Abstract:
The development of data base systems technology has created its own theoretical foundations and has qualified a large number of applications. Similarly, the growth of computer networks enabled the association of multiple computers for interchange of data and resources. The role of centralized Data Management System and its accessibility to multiple users concurrently has made it impossible for the Data Benefactors to focus the data at one large mainframe site. The superior network traffic and reduced efficiency have forced splitting of data at many sites with each location having their own storage and local processing abilities. This directed to the development of Distributed Databases (DDBs) that play a noteworthy role in today’s era where dependence on reliable and accurate data has become a compulsion. The innovations in hardware, software, protocols, storage and networks have transformed the position of the business necessities by making the handling of DDBs a feasible and operational decision. The supremacy of distributed databases lies in the capability to deliver interconnected data from any physically separated site to any other site. Distributed Database Management System (DDBMS) fits to the class of system software that manages distributed database and offers transparent access ability to multiple users across multiple sites by integrating parallelism and modularity. Though efficient, the designing of
DDB has many practical limitations in selecting efficient methods for fragmentation, allocation and replication of data.

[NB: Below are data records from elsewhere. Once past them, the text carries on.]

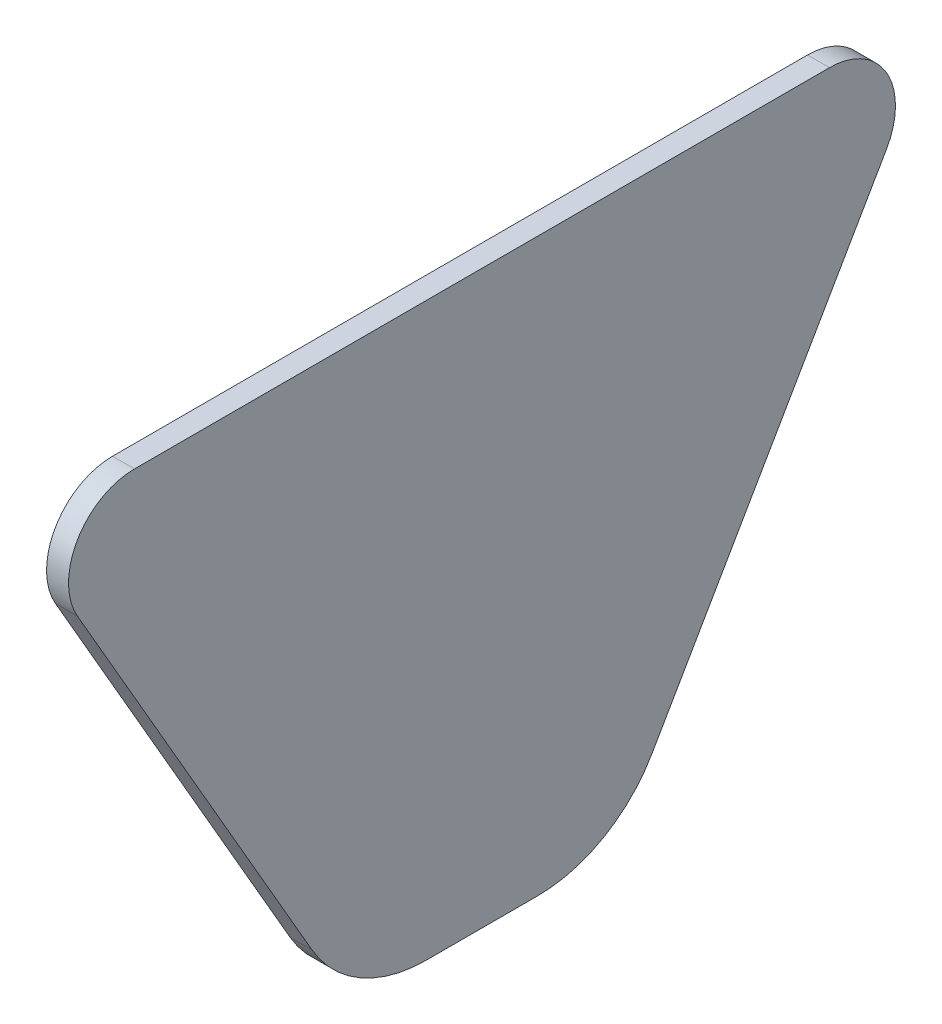
SolidWorks part; units mm, degrees
material "AISI 1020"
ref_plane "Спереди" through (0, 0, 0) normal (0, 0, 1) x (1, 0, 0)
ref_plane "Сверху" through (0, 0, 0) normal (0, 1, 0) x (1, 0, 0)
ref_plane "Справа" through (0, 0, 0) normal (1, 0, 0) x (0, 0, -1)
sketch "Эскиз1" plane through (0, 0, 0) normal (1, 0, 0) x (0, 0, -1)
  line L0 (-105.9379, 0) -> (112.882, 0) construction
  line L1 (0, 41.9876) -> (0, -88.0124) construction
  line L2 (2.5359, -52) -> (-2.5359, -52)
  line L3 (-7.7321, -49) -> (-18.413, -30.5)
  line L4 (-15.815, -26) -> (15.815, -26)
  line L5 (7.7321, -49) -> (18.413, -30.5)
  arc A0 (-15.815, -26) -> (-18.413, -30.5) centre (-15.815, -29) ccw
  arc A1 (-7.7321, -49) -> (-2.5359, -52) centre (-2.5359, -46) ccw
  arc A2 (7.7321, -49) -> (2.5359, -52) centre (2.5359, -46) cw
  arc A3 (15.815, -26) -> (18.413, -30.5) centre (15.815, -29) cw
  point P13 (-6, -52)
  point P15 (0, -52)
  point P20 (0, -26)
  dimension "D5" = 3
  dimension "D6" = 6
  dimension "D1" = 26
  dimension "D2" = 26
  dimension "D3" = 30
  dimension "D4" = 6
extrude "Бобышка-Вытянуть1" add sketch "Эскиз1" along normal mid plane 1
sketch "Эскиз2" plane through (-0.5, 0, 0) normal (-1, 0, 0) x (0, 0, 1)
  line L0 (-30.2907, 0) -> (28.9342, 0) construction
  line L1 (0, 19.4105) -> (0, -54.8494) construction
  line L2 (1.7287, -43) -> (-1.7287, -43)
  arc A0 (-2.2615, -43.1538) -> (-4.5486, -46.6876) centre (0.4026, -47.3849) ccw
  arc A1 (2.2615, -43.1538) -> (4.5486, -46.6876) centre (-0.4026, -47.3849) cw
  arc A2 (4.4479, -47.2839) -> (-4.4479, -47.2839) centre (0, -45) cw
  arc A3 (-4.4479, -47.2839) -> (-4.5486, -46.6876) centre (-3.5583, -46.8271) cw
  arc A4 (4.4479, -47.2839) -> (4.5486, -46.6876) centre (3.5583, -46.8271) ccw
  arc A5 (-2.2615, -43.1538) -> (-1.7287, -43) centre (-1.7287, -44) cw
  arc A6 (2.2615, -43.1538) -> (1.7287, -43) centre (1.7287, -44) ccw
  arc A7 (6.85, -30.4376) -> (12.7338, -29.0231) centre (0, 11) ccw
  arc A8 (7.2955, -41.6381) -> (3.9192, -38.1143) centre (6, -39.5) cw
  arc A9 (3.9192, -38.1143) -> (6.0133, -31.4066) centre (-6.4848, -31.1856) ccw
  arc A10 (14.0367, -30) -> (7.2955, -41.6381) centre (0.0407, -29.6645) cw
  arc A11 (6.0133, -31.4066) -> (6.85, -30.4376) centre (7.0131, -31.4242) cw
  arc A12 (12.7338, -29.0231) -> (14.0367, -30) centre (13.037, -29.9761) cw
  arc A13 (-3.9192, -38.1143) -> (-6.0133, -31.4066) centre (6.4848, -31.1856) cw
  arc A14 (-7.2955, -41.6381) -> (-3.9192, -38.1143) centre (-6, -39.5) ccw
  arc A15 (-14.0367, -30) -> (-7.2955, -41.6381) centre (-0.0407, -29.6645) ccw
  arc A16 (-12.7338, -29.0231) -> (-14.0367, -30) centre (-13.037, -29.9761) ccw
  arc A17 (-6.85, -30.4376) -> (-12.7338, -29.0231) centre (0, 11) cw
  arc A18 (-6.0133, -31.4066) -> (-6.85, -30.4376) centre (-7.0131, -31.4242) ccw
  point P12 (0, -43)
  point P16 (-4.5826, -47)
  point P19 (4.5826, -47)
  point P22 (-2, -43)
  point P25 (2, -43)
  point P35 (6, -30.5692)
  point P38 (14, -28.598)
  dimension "D4" = 5
  dimension "D5" = 5
  dimension "D7" = 1
  dimension "D9" = 42
  dimension "D14" = 2.5
  dimension "D15" = 12.5
  dimension "D16" = 14
  dimension "D17" = 1
  dimension "D1" = 43
  dimension "D2" = 2
  dimension "D3" = 4
  dimension "D6" = 2
  dimension "D8" = 11
  dimension "D10" = 6
  dimension "D11" = 14
  dimension "D12" = 3.5
  dimension "D13" = 6
extrude "Бобышка-Вытянуть2" add sketch "Эскиз2" along normal blind 2
fillet "Скругление1" radius 0.3 20 edges at (-2.5, -46.9936, -4.5444) (-2.5, -44.6683, -3.795) (-2.5, -43.0392, -2.006) (-2.5, -43, 0) (-2.5, -43.0392, 2.006) (-2.5, -44.6683, 3.795) (-2.5, -46.9936, 4.5444) (-2.5, -34.9106, 5.4473) (-2.5, -30.7706, 6.2563) (-2.5, -29.8365, 9.8174) (-2.5, -29.176, 13.6368) (-2.5, -36.6816, 12.1552) (-2.5, -29.176, -13.6368) (-2.5, -29.8365, -9.8174) (-2.5, -30.7706, -6.2563) (-2.5, -34.9106, -5.4473) (-2.5, -41.2296, -4.1948) (-2.5, -50, 0) (-2.5, -41.2296, 4.1948) (-2.5, -36.6816, -12.1552)
sketch "Эскиз3" plane through (-2.5, 0, 0) normal (-1, 0, 0) x (0, 0, 1)
  line L0 (0, 4.6019) -> (0, -59.7505) construction
  line L1 (1.7287, -43) -> (-1.7287, -43) construction
  line L2 (0, -44) -> (-2.4249, -48.2)
  line L3 (-2.4249, -48.2) -> (2.4249, -48.2)
  line L4 (2.4249, -48.2) -> (0, -44)
  line L5 (0, -46.8) -> (0.2288, -44.1843) construction
  line L6 (0, -44.4) -> (-2.0785, -48)
  line L7 (-2.0785, -48) -> (2.0785, -48)
  line L8 (2.0785, -48) -> (0, -44.4)
  line L9 (0, -46) -> (0.0523, -46.2023)
  line L10 (0, -46) -> (-0.0523, -46.2023)
  line L11 (0.1389, -46.0122) -> (0.0523, -46.2023)
  line L12 (0.1389, -46.0122) -> (0.1553, -46.2204)
  line L13 (8.9258, 3.821) -> (-2.2488, -59.5538) construction
  line L14 (0.2736, -46.0482) -> (0.1553, -46.2204)
  line L15 (0.2736, -46.0482) -> (0.2536, -46.2562)
  line L16 (17.5805, 1.502) -> (-4.4293, -58.9695) construction
  line L17 (0.4, -46.1072) -> (0.2536, -46.2562)
  line L18 (0.4, -46.1072) -> (0.3441, -46.3085)
  line L19 (25.701, -2.2846) -> (-6.4753, -58.0155) construction
  line L20 (0.5142, -46.1872) -> (0.3441, -46.3085)
  line L21 (0.5142, -46.1872) -> (0.4243, -46.3757)
  line L22 (33.0405, -7.4238) -> (-8.3244, -56.7207) construction
  line L23 (0.6128, -46.2858) -> (0.4243, -46.3757)
  line L24 (0.6128, -46.2858) -> (0.4915, -46.4559)
  line L25 (39.3762, -13.7595) -> (-9.9207, -55.1244) construction
  line L26 (0.6928, -46.4) -> (0.4915, -46.4559)
  line L27 (0.6928, -46.4) -> (0.5438, -46.5464)
  line L28 (44.5154, -21.099) -> (-11.2155, -53.2753) construction
  line L29 (0.7518, -46.5264) -> (0.5438, -46.5464)
  line L30 (0.7518, -46.5264) -> (0.5796, -46.6447)
  line L31 (48.302, -29.2195) -> (-12.1695, -51.2293) construction
  line L32 (0.7878, -46.6611) -> (0.5796, -46.6447)
  line L33 (0.7878, -46.6611) -> (0.5977, -46.7477)
  line L34 (50.621, -37.8742) -> (-12.7538, -49.0488) construction
  line L35 (0.8, -46.8) -> (0.5977, -46.7477)
  line L36 (0.8, -46.8) -> (0.5977, -46.8523)
  line L37 (51.4019, -46.8) -> (-12.9505, -46.8) construction
  line L38 (0.7878, -46.9389) -> (0.5977, -46.8523)
  line L39 (0.7878, -46.9389) -> (0.5796, -46.9553)
  line L40 (50.621, -55.7258) -> (-12.7538, -44.5512) construction
  line L41 (0.7518, -47.0736) -> (0.5796, -46.9553)
  line L42 (0.7518, -47.0736) -> (0.5438, -47.0536)
  line L43 (48.302, -64.3805) -> (-12.1695, -42.3707) construction
  line L44 (0.6928, -47.2) -> (0.5438, -47.0536)
  line L45 (0.6928, -47.2) -> (0.4915, -47.1441)
  line L46 (44.5154, -72.501) -> (-11.2155, -40.3247) construction
  line L47 (0.6128, -47.3142) -> (0.4915, -47.1441)
  line L48 (0.6128, -47.3142) -> (0.4243, -47.2243)
  line L49 (39.3762, -79.8405) -> (-9.9207, -38.4756) construction
  line L50 (0.5142, -47.4128) -> (0.4243, -47.2243)
  line L51 (0.5142, -47.4128) -> (0.3441, -47.2915)
  line L52 (33.0405, -86.1762) -> (-8.3244, -36.8793) construction
  line L53 (0.4, -47.4928) -> (0.3441, -47.2915)
  line L54 (0.4, -47.4928) -> (0.2536, -47.3438)
  line L55 (25.701, -91.3154) -> (-6.4753, -35.5845) construction
  line L56 (0.2736, -47.5518) -> (0.2536, -47.3438)
  line L57 (0.2736, -47.5518) -> (0.1553, -47.3796)
  line L58 (17.5805, -95.102) -> (-4.4293, -34.6305) construction
  line L59 (0.1389, -47.5878) -> (0.1553, -47.3796)
  line L60 (0.1389, -47.5878) -> (0.0523, -47.3977)
  line L61 (8.9258, -97.421) -> (-2.2488, -34.0462) construction
  line L62 (0, -47.6) -> (0.0523, -47.3977)
  line L63 (0, -47.6) -> (-0.0523, -47.3977)
  line L64 (0, -98.2019) -> (0, -33.8495) construction
  line L65 (-0.1389, -47.5878) -> (-0.0523, -47.3977)
  line L66 (-0.1389, -47.5878) -> (-0.1553, -47.3796)
  line L67 (-8.9258, -97.421) -> (2.2488, -34.0462) construction
  line L68 (-0.2736, -47.5518) -> (-0.1553, -47.3796)
  line L69 (-0.2736, -47.5518) -> (-0.2536, -47.3438)
  line L70 (-17.5805, -95.102) -> (4.4293, -34.6305) construction
  line L71 (-0.4, -47.4928) -> (-0.2536, -47.3438)
  line L72 (-0.4, -47.4928) -> (-0.3441, -47.2915)
  line L73 (-25.701, -91.3154) -> (6.4753, -35.5845) construction
  line L74 (-0.5142, -47.4128) -> (-0.3441, -47.2915)
  line L75 (-0.5142, -47.4128) -> (-0.4243, -47.2243)
  line L76 (-33.0405, -86.1762) -> (8.3244, -36.8793) construction
  line L77 (-0.6128, -47.3142) -> (-0.4243, -47.2243)
  line L78 (-0.6128, -47.3142) -> (-0.4915, -47.1441)
  line L79 (-39.3762, -79.8405) -> (9.9207, -38.4756) construction
  line L80 (-0.6928, -47.2) -> (-0.4915, -47.1441)
  line L81 (-0.6928, -47.2) -> (-0.5438, -47.0536)
  line L82 (-44.5154, -72.501) -> (11.2155, -40.3247) construction
  line L83 (-0.7518, -47.0736) -> (-0.5438, -47.0536)
  line L84 (-0.7518, -47.0736) -> (-0.5796, -46.9553)
  line L85 (-48.302, -64.3805) -> (12.1695, -42.3707) construction
  line L86 (-0.7878, -46.9389) -> (-0.5796, -46.9553)
  line L87 (-0.7878, -46.9389) -> (-0.5977, -46.8523)
  line L88 (-50.621, -55.7258) -> (12.7538, -44.5512) construction
  line L89 (-0.8, -46.8) -> (-0.5977, -46.8523)
  line L90 (-0.8, -46.8) -> (-0.5977, -46.7477)
  line L91 (-51.4019, -46.8) -> (12.9505, -46.8) construction
  line L92 (-0.7878, -46.6611) -> (-0.5977, -46.7477)
  line L93 (-0.7878, -46.6611) -> (-0.5796, -46.6447)
  line L94 (-50.621, -37.8742) -> (12.7538, -49.0488) construction
  line L95 (-0.7518, -46.5264) -> (-0.5796, -46.6447)
  line L96 (-0.7518, -46.5264) -> (-0.5438, -46.5464)
  line L97 (-48.302, -29.2195) -> (12.1695, -51.2293) construction
  line L98 (-0.6928, -46.4) -> (-0.5438, -46.5464)
  line L99 (-0.6928, -46.4) -> (-0.4915, -46.4559)
  line L100 (-44.5154, -21.099) -> (11.2155, -53.2753) construction
  line L101 (-0.6128, -46.2858) -> (-0.4915, -46.4559)
  line L102 (-0.6128, -46.2858) -> (-0.4243, -46.3757)
  line L103 (-39.3762, -13.7595) -> (9.9207, -55.1244) construction
  line L104 (-0.5142, -46.1872) -> (-0.4243, -46.3757)
  line L105 (-0.5142, -46.1872) -> (-0.3441, -46.3085)
  line L106 (-33.0405, -7.4238) -> (8.3244, -56.7207) construction
  line L107 (-0.4, -46.1072) -> (-0.3441, -46.3085)
  line L108 (-0.4, -46.1072) -> (-0.2536, -46.2562)
  line L109 (-25.701, -2.2846) -> (6.4753, -58.0155) construction
  line L110 (-0.2736, -46.0482) -> (-0.2536, -46.2562)
  line L111 (-0.2736, -46.0482) -> (-0.1553, -46.2204)
  line L112 (-17.5805, 1.502) -> (4.4293, -58.9695) construction
  line L113 (-0.1389, -46.0122) -> (-0.1553, -46.2204)
  line L114 (-0.1389, -46.0122) -> (-0.0523, -46.2023)
  line L115 (-8.9258, 3.821) -> (2.2488, -59.5538) construction
  circle A0 centre (0, -46.8) radius 1.4 construction
  circle A1 centre (0, -46.8) radius 1.2 construction
  point P196 (0, -46.8)
  dimension "D2" = 2.8
  dimension "D3" = 0.2
  dimension "D1" = 1
  dimension "D4" = 5
  dimension "D5" = 0.8
  dimension "D6" = 0.6
  dimension "D7" = 36
extrude "Вырез-Вытянуть1" cut sketch "Эскиз3" against normal blind 0.05 contours L3 L4 L2 L8 L7 L6 | L114 L113 L111 L110 L108 L107 L105 L104 L102 L101 L99 L98 L96 L95 L93 L92 L90 L89 L87 L86 L84 L83 L81 L80 L78 L77 L75 L74 L72 L71 L69 L68 L66 L65 L63 L62 L60 L59 L57 L56 L54 L53 L51 L50 L48 L47 L45 L44 L42 L41 L39
sketch "Эскиз4" plane through (-2.5, 0, 0) normal (-1, 0, 0) x (0, 0, 1)
  line L0 (0, 6.1709) -> (0, -56.1325) construction
  line L1 (-18.7811, 0) -> (21.2745, 0) construction
  line L2 (9, -29.785) -> (9, -40.1315) construction
  line L3 (8.3, -36.3266) -> (8.3, -37.7)
  line L4 (8.3, -37.7) -> (9.7, -37.7)
  line L5 (9.7, -36.3266) -> (9.7, -37.7)
  line L6 (9, -35) -> (5.2286, -37.1774) construction
  line L7 (7.3546, -35.95) -> (6.8349, -36.25) construction
  line L8 (7.4296, -36.0799) -> (6.9099, -36.3799)
  line L9 (7.2796, -35.8201) -> (6.7599, -36.1201)
  line L10 (9, -35) -> (4.7936, -36.1271) construction
  line L11 (7.1647, -35.4918) -> (6.5852, -35.647) construction
  line L12 (7.2036, -35.6366) -> (6.624, -35.7919)
  line L13 (7.1259, -35.3469) -> (6.5464, -35.5022)
  line L14 (9, -35) -> (4.6452, -35) construction
  line L15 (7.1, -35) -> (6.5, -35) construction
  line L16 (7.1, -35.15) -> (6.5, -35.15)
  line L17 (7.1, -34.85) -> (6.5, -34.85)
  line L18 (9, -35) -> (4.7936, -33.8729) construction
  line L19 (7.1647, -34.5082) -> (6.5852, -34.353) construction
  line L20 (7.1259, -34.6531) -> (6.5464, -34.4978)
  line L21 (7.2036, -34.3634) -> (6.624, -34.2081)
  line L22 (9, -35) -> (5.2286, -32.8226) construction
  line L23 (7.3546, -34.05) -> (6.8349, -33.75) construction
  line L24 (7.2796, -34.1799) -> (6.7599, -33.8799)
  line L25 (7.4296, -33.9201) -> (6.9099, -33.6201)
  line L26 (9, -35) -> (5.9207, -31.9207) construction
  line L27 (7.6565, -33.6565) -> (7.2322, -33.2322) construction
  line L28 (7.5504, -33.7626) -> (7.1262, -33.3383)
  line L29 (7.7626, -33.5504) -> (7.3383, -33.1262)
  line L30 (9, -35) -> (6.8226, -31.2286) construction
  line L31 (8.05, -33.3546) -> (7.75, -32.8349) construction
  line L32 (7.9201, -33.4296) -> (7.6201, -32.9099)
  line L33 (8.1799, -33.2796) -> (7.8799, -32.7599)
  line L34 (9, -35) -> (7.8729, -30.7936) construction
  line L35 (8.5082, -33.1647) -> (8.353, -32.5852) construction
  line L36 (8.3634, -33.2036) -> (8.2081, -32.624)
  line L37 (8.6531, -33.1259) -> (8.4978, -32.5464)
  line L38 (9, -35) -> (9, -30.6452) construction
  line L39 (9, -33.1) -> (9, -32.5) construction
  line L40 (8.85, -33.1) -> (8.85, -32.5)
  line L41 (9.15, -33.1) -> (9.15, -32.5)
  line L42 (9, -35) -> (10.1271, -30.7936) construction
  line L43 (9.4918, -33.1647) -> (9.647, -32.5852) construction
  line L44 (9.3469, -33.1259) -> (9.5022, -32.5464)
  line L45 (9.6366, -33.2036) -> (9.7919, -32.624)
  line L46 (9, -35) -> (11.1774, -31.2286) construction
  line L47 (9.95, -33.3546) -> (10.25, -32.8349) construction
  line L48 (9.8201, -33.2796) -> (10.1201, -32.7599)
  line L49 (10.0799, -33.4296) -> (10.3799, -32.9099)
  line L50 (9, -35) -> (12.0793, -31.9207) construction
  line L51 (10.3435, -33.6565) -> (10.7678, -33.2322) construction
  line L52 (10.2374, -33.5504) -> (10.6617, -33.1262)
  line L53 (10.4496, -33.7626) -> (10.8738, -33.3383)
  line L54 (9, -35) -> (12.7714, -32.8226) construction
  line L55 (10.6454, -34.05) -> (11.1651, -33.75) construction
  line L56 (10.5704, -33.9201) -> (11.0901, -33.6201)
  line L57 (10.7204, -34.1799) -> (11.2401, -33.8799)
  line L58 (9, -35) -> (13.2064, -33.8729) construction
  line L59 (10.8353, -34.5082) -> (11.4148, -34.353) construction
  line L60 (10.7964, -34.3634) -> (11.376, -34.2081)
  line L61 (10.8741, -34.6531) -> (11.4536, -34.4978)
  line L62 (9, -35) -> (13.3548, -35) construction
  line L63 (10.9, -35) -> (11.5, -35) construction
  line L64 (10.9, -34.85) -> (11.5, -34.85)
  line L65 (10.9, -35.15) -> (11.5, -35.15)
  line L66 (9, -35) -> (13.2064, -36.1271) construction
  line L67 (10.8353, -35.4918) -> (11.4148, -35.647) construction
  line L68 (10.8741, -35.3469) -> (11.4536, -35.5022)
  line L69 (10.7964, -35.6366) -> (11.376, -35.7919)
  line L70 (9, -35) -> (12.7714, -37.1774) construction
  line L71 (10.6454, -35.95) -> (11.1651, -36.25) construction
  line L72 (10.7204, -35.8201) -> (11.2401, -36.1201)
  line L73 (10.5704, -36.0799) -> (11.0901, -36.3799)
  line L74 (9, -35) -> (7.3546, -35.95) construction
  line L75 (9, -35) -> (7.1647, -35.4918) construction
  arc A0 (8.3, -36.3266) -> (9.7, -36.3266) centre (9, -35) cw
  arc A1 (7.4296, -36.0799) -> (7.2796, -35.8201) centre (7.3546, -35.95) ccw
  arc A2 (6.7599, -36.1201) -> (6.9099, -36.3799) centre (6.8349, -36.25) ccw
  arc A3 (7.2036, -35.6366) -> (7.1259, -35.3469) centre (7.1647, -35.4918) ccw
  arc A4 (6.5464, -35.5022) -> (6.624, -35.7919) centre (6.5852, -35.647) ccw
  arc A5 (7.1, -35.15) -> (7.1, -34.85) centre (7.1, -35) ccw
  arc A6 (6.5, -34.85) -> (6.5, -35.15) centre (6.5, -35) ccw
  arc A7 (7.1259, -34.6531) -> (7.2036, -34.3634) centre (7.1647, -34.5082) ccw
  arc A8 (6.624, -34.2081) -> (6.5464, -34.4978) centre (6.5852, -34.353) ccw
  arc A9 (7.2796, -34.1799) -> (7.4296, -33.9201) centre (7.3546, -34.05) ccw
  arc A10 (6.9099, -33.6201) -> (6.7599, -33.8799) centre (6.8349, -33.75) ccw
  arc A11 (7.5504, -33.7626) -> (7.7626, -33.5504) centre (7.6565, -33.6565) ccw
  arc A12 (7.3383, -33.1262) -> (7.1262, -33.3383) centre (7.2322, -33.2322) ccw
  arc A13 (7.9201, -33.4296) -> (8.1799, -33.2796) centre (8.05, -33.3546) ccw
  arc A14 (7.8799, -32.7599) -> (7.6201, -32.9099) centre (7.75, -32.8349) ccw
  arc A15 (8.3634, -33.2036) -> (8.6531, -33.1259) centre (8.5082, -33.1647) ccw
  arc A16 (8.4978, -32.5464) -> (8.2081, -32.624) centre (8.353, -32.5852) ccw
  arc A17 (8.85, -33.1) -> (9.15, -33.1) centre (9, -33.1) ccw
  arc A18 (9.15, -32.5) -> (8.85, -32.5) centre (9, -32.5) ccw
  arc A19 (9.3469, -33.1259) -> (9.6366, -33.2036) centre (9.4918, -33.1647) ccw
  arc A20 (9.7919, -32.624) -> (9.5022, -32.5464) centre (9.647, -32.5852) ccw
  arc A21 (9.8201, -33.2796) -> (10.0799, -33.4296) centre (9.95, -33.3546) ccw
  arc A22 (10.3799, -32.9099) -> (10.1201, -32.7599) centre (10.25, -32.8349) ccw
  arc A23 (10.2374, -33.5504) -> (10.4496, -33.7626) centre (10.3435, -33.6565) ccw
  arc A24 (10.8738, -33.3383) -> (10.6617, -33.1262) centre (10.7678, -33.2322) ccw
  arc A25 (10.5704, -33.9201) -> (10.7204, -34.1799) centre (10.6454, -34.05) ccw
  arc A26 (11.2401, -33.8799) -> (11.0901, -33.6201) centre (11.1651, -33.75) ccw
  arc A27 (10.7964, -34.3634) -> (10.8741, -34.6531) centre (10.8353, -34.5082) ccw
  arc A28 (11.4536, -34.4978) -> (11.376, -34.2081) centre (11.4148, -34.353) ccw
  arc A29 (10.9, -34.85) -> (10.9, -35.15) centre (10.9, -35) ccw
  arc A30 (11.5, -35.15) -> (11.5, -34.85) centre (11.5, -35) ccw
  arc A31 (10.8741, -35.3469) -> (10.7964, -35.6366) centre (10.8353, -35.4918) ccw
  arc A32 (11.376, -35.7919) -> (11.4536, -35.5022) centre (11.4148, -35.647) ccw
  arc A33 (10.7204, -35.8201) -> (10.5704, -36.0799) centre (10.6454, -35.95) ccw
  arc A34 (11.0901, -36.3799) -> (11.2401, -36.1201) centre (11.1651, -36.25) ccw
  point P12 (9, -37.7)
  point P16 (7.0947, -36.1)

This research thesis focuses on developing efficient solutions for the DDB design issues. The main aim of this thesis is to propose powerful schemes for data fragmentation, allocation and replication for enhancing the query processing in DDBs for better performance. The first approach concentrates on the limitations of utilizing the observed data about the queries to decide the fragmentation issue ineffective at the preliminary distributed database design where the efficiency is estimated only through proper design and network communication cost between sites. To resolve this issue, we give the improved model of hierarchical agglomerative clustering (IHAC) algorithm to derive semantic fragmentation of the distributed databases. The IHAC constructs the data representation matrix by considering all data objects instead of data counts while the traditional hierarchical agglomerative clustering algorithm constructs the data representation matrix based on the data count or frequency to select and compute similarity measures. This enhances the performance of clustering the data objects and hence the data fragmentation can be achieved efficiently.
The second approach focuses on the performance degradation in DDBs due to the communication cost by remote access query and retrieval of data. This can be optimized through an efficient data allocation approach that will provide flexible retrieval of a query by low cost accessible sites. For this process, Chicken Swarm Optimization (CSO) algorithm is utilized which characterizes the Data Allocation Problem (DAP) into optimal problem of choosing the appropriate and minimal communication cost provoking sites for the data fragments. Then the CSO algorithm optimally chooses the sites for each of the data fragments without creating much overhead and data route diversions. This enhances the overall distributed database design and subsequently ensures quality replication.
The third approach considers the issue of optimal replica selection and placement. Initially, the snapshot replication and merge replication process for suitable databases are illustrated. Secondly, the MGSO approach is employed for selecting the location and number of replicas for placement in the network. This approach utilizes the random patterns of read-write requests for the dynamic window
mechanism for replication while also modelling the replication problem and a multi-objective optimization problem that is resolved using MGSO.
Evaluation of the proposed techniques is performed in Hadoop cluster environment using master-slave dedicated machines. The evaluation study performed over a large dataset from three major sources; namely, Twitter, Facebook and YouTube containing various types of data such as text, audio and video files with varying sizes. The evaluation and comparison show that the proposed technique in this research thesis perform better than the compared fragmentation, allocation and replication techniques. Hence it is proved that this work significantly enhances the design performances of DDBs by solving the problems of data fragmentation, allocation and replication.